Ferrero-Manzanal Francisco, Lax-Pérez Raquel, López-Bernabé Roberto, Betancourt-Bastidas José Ramiro, Iñiguez de Onzoño-Pérez Alvaro
Department of Orthopaedic Surgery and Traumatology, Hospital General Universitario Santa Lucía, c) Mezquita s/n, 30202 Cartagena, Murcia, Spain.
Department of Orthopaedic Surgery and Traumatology, Hospital Reina Sofía, Avenida Intendente Jorge Palacios 1, 30003 Murcia. Spain, Spain.
Int J Surg Case Rep. 2016;27:78-82. doi: 10.1016/j.ijscr.2016.08.023. Epub 2016 Aug 18.

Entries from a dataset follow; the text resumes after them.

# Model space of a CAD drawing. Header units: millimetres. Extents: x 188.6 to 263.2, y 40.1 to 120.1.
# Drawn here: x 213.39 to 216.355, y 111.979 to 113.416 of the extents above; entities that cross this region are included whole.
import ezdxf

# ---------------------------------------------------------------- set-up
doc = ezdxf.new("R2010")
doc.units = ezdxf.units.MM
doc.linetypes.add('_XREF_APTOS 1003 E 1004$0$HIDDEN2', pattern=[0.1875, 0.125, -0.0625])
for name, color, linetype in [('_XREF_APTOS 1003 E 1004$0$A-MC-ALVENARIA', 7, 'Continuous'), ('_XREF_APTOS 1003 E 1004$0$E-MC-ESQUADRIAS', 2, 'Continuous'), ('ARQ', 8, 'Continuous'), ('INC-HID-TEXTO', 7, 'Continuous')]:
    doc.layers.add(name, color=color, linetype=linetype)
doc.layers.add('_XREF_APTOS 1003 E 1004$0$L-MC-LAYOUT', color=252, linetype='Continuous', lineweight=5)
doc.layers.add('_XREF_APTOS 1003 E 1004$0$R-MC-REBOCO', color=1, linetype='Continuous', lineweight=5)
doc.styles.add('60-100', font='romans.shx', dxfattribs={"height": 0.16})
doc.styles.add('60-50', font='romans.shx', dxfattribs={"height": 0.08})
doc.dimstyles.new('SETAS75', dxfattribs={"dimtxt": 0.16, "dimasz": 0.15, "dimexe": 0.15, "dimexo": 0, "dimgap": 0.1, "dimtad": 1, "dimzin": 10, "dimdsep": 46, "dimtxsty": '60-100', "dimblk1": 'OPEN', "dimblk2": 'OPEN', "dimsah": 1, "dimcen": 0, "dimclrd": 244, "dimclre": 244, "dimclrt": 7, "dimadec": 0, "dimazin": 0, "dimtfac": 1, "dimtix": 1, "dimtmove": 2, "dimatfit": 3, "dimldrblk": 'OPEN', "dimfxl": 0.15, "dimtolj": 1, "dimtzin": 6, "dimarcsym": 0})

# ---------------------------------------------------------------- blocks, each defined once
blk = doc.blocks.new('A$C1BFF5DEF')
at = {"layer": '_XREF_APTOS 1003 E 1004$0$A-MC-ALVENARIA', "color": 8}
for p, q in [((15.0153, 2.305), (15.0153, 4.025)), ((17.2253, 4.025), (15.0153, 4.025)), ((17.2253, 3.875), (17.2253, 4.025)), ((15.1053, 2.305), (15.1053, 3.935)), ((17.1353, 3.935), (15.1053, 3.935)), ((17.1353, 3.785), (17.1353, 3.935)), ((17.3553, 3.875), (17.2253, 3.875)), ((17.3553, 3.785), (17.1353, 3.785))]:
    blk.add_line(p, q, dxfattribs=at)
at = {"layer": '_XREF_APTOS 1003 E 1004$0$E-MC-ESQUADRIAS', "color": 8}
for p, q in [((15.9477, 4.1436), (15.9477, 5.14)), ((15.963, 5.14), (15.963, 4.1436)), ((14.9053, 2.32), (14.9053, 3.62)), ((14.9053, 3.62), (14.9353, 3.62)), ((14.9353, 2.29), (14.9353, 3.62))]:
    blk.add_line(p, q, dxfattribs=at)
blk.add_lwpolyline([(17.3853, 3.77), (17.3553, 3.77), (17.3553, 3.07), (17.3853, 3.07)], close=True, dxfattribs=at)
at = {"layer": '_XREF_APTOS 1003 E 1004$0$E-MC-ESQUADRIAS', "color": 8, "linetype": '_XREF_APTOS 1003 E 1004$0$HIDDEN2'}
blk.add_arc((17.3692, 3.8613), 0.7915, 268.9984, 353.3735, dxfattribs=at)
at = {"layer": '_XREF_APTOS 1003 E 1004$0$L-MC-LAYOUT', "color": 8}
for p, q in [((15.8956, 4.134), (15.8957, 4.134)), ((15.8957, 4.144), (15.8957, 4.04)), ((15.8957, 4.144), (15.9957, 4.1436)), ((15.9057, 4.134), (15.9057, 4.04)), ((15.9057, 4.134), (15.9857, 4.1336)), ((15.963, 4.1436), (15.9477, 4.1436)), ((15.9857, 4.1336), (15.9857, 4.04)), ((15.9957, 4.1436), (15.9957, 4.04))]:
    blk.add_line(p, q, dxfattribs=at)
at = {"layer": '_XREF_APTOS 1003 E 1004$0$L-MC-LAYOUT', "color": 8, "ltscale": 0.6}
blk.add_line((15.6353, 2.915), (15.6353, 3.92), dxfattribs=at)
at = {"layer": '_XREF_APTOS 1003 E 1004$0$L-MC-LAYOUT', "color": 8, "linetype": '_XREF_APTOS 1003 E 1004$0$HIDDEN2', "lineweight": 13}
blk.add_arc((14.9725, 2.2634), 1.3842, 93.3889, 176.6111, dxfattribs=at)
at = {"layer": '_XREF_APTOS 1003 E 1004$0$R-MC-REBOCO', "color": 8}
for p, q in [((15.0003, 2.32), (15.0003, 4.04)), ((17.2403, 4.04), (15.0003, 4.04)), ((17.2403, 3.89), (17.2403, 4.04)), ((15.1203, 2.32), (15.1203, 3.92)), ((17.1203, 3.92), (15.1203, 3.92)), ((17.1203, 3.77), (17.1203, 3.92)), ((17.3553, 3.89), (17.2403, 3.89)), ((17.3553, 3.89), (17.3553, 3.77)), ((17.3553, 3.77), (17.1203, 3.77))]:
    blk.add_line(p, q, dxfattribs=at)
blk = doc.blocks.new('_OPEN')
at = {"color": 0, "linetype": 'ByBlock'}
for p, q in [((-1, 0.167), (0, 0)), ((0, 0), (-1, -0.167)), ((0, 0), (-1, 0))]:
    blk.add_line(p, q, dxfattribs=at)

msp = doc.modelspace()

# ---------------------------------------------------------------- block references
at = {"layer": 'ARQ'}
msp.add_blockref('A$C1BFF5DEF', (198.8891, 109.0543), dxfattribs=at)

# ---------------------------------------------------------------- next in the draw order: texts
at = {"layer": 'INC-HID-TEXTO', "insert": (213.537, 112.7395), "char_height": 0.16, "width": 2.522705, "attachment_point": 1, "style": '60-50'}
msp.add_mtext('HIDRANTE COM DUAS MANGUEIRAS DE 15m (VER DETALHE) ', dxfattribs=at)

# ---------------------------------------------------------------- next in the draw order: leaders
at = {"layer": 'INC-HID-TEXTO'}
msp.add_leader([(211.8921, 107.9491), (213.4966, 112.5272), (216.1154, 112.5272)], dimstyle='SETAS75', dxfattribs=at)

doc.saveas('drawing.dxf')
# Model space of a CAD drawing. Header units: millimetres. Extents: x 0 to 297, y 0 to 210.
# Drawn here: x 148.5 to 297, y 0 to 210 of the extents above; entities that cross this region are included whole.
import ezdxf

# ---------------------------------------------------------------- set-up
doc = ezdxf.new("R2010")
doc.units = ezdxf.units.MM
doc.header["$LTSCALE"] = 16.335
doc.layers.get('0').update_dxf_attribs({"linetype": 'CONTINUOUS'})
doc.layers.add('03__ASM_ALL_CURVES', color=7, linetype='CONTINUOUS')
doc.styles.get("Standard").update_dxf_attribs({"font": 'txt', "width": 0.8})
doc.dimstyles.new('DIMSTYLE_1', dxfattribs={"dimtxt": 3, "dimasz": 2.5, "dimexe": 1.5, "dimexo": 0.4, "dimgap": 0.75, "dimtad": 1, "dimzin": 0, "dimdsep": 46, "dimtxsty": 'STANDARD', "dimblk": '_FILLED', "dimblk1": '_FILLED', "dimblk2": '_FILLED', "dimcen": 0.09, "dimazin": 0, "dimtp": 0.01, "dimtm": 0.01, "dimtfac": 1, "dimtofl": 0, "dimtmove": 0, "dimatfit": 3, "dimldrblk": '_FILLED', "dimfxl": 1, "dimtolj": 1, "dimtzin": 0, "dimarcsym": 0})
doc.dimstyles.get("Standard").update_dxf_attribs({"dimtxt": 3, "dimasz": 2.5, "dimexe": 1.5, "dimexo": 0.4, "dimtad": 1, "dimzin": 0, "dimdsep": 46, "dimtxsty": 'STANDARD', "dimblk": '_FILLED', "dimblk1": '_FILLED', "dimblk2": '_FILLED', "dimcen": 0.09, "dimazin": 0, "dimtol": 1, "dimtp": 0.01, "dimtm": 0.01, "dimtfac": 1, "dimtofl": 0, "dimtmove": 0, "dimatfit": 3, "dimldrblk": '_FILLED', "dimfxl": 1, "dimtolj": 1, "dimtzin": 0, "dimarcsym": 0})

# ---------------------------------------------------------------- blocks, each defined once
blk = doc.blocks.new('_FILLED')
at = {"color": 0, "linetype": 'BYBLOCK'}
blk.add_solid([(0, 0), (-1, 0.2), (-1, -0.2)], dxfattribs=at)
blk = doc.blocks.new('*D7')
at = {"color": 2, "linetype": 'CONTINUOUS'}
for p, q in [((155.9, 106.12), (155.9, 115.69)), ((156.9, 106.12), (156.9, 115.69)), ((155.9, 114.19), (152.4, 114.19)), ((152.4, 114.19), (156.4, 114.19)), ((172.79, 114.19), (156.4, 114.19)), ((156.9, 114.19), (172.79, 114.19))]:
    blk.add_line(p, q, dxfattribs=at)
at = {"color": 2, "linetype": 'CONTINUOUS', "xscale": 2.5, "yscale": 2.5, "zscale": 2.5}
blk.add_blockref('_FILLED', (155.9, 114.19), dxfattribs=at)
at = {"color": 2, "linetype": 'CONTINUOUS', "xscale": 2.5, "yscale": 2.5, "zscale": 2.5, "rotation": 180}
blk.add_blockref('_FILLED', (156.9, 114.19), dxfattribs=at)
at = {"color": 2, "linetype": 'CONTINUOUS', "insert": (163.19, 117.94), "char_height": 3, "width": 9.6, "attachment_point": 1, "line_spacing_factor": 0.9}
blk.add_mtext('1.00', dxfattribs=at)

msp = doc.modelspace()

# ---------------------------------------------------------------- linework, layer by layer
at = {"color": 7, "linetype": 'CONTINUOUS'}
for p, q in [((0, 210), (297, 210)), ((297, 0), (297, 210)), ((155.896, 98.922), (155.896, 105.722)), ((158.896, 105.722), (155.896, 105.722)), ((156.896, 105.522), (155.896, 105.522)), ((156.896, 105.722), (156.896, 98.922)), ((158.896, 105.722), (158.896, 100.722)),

Shoulder surgery is often performed with the patient in the so called "beach-chair position" with elevation of the upper part of the body. The anesthetic procedure can be general anesthesia and/or regional block, usually interscalenic brachial plexus block. We present a case of brachial plexus palsy with a possible mechanism of traction based on the electromyographic and clinical findings, although a possible contribution of nerve block cannot be excluded.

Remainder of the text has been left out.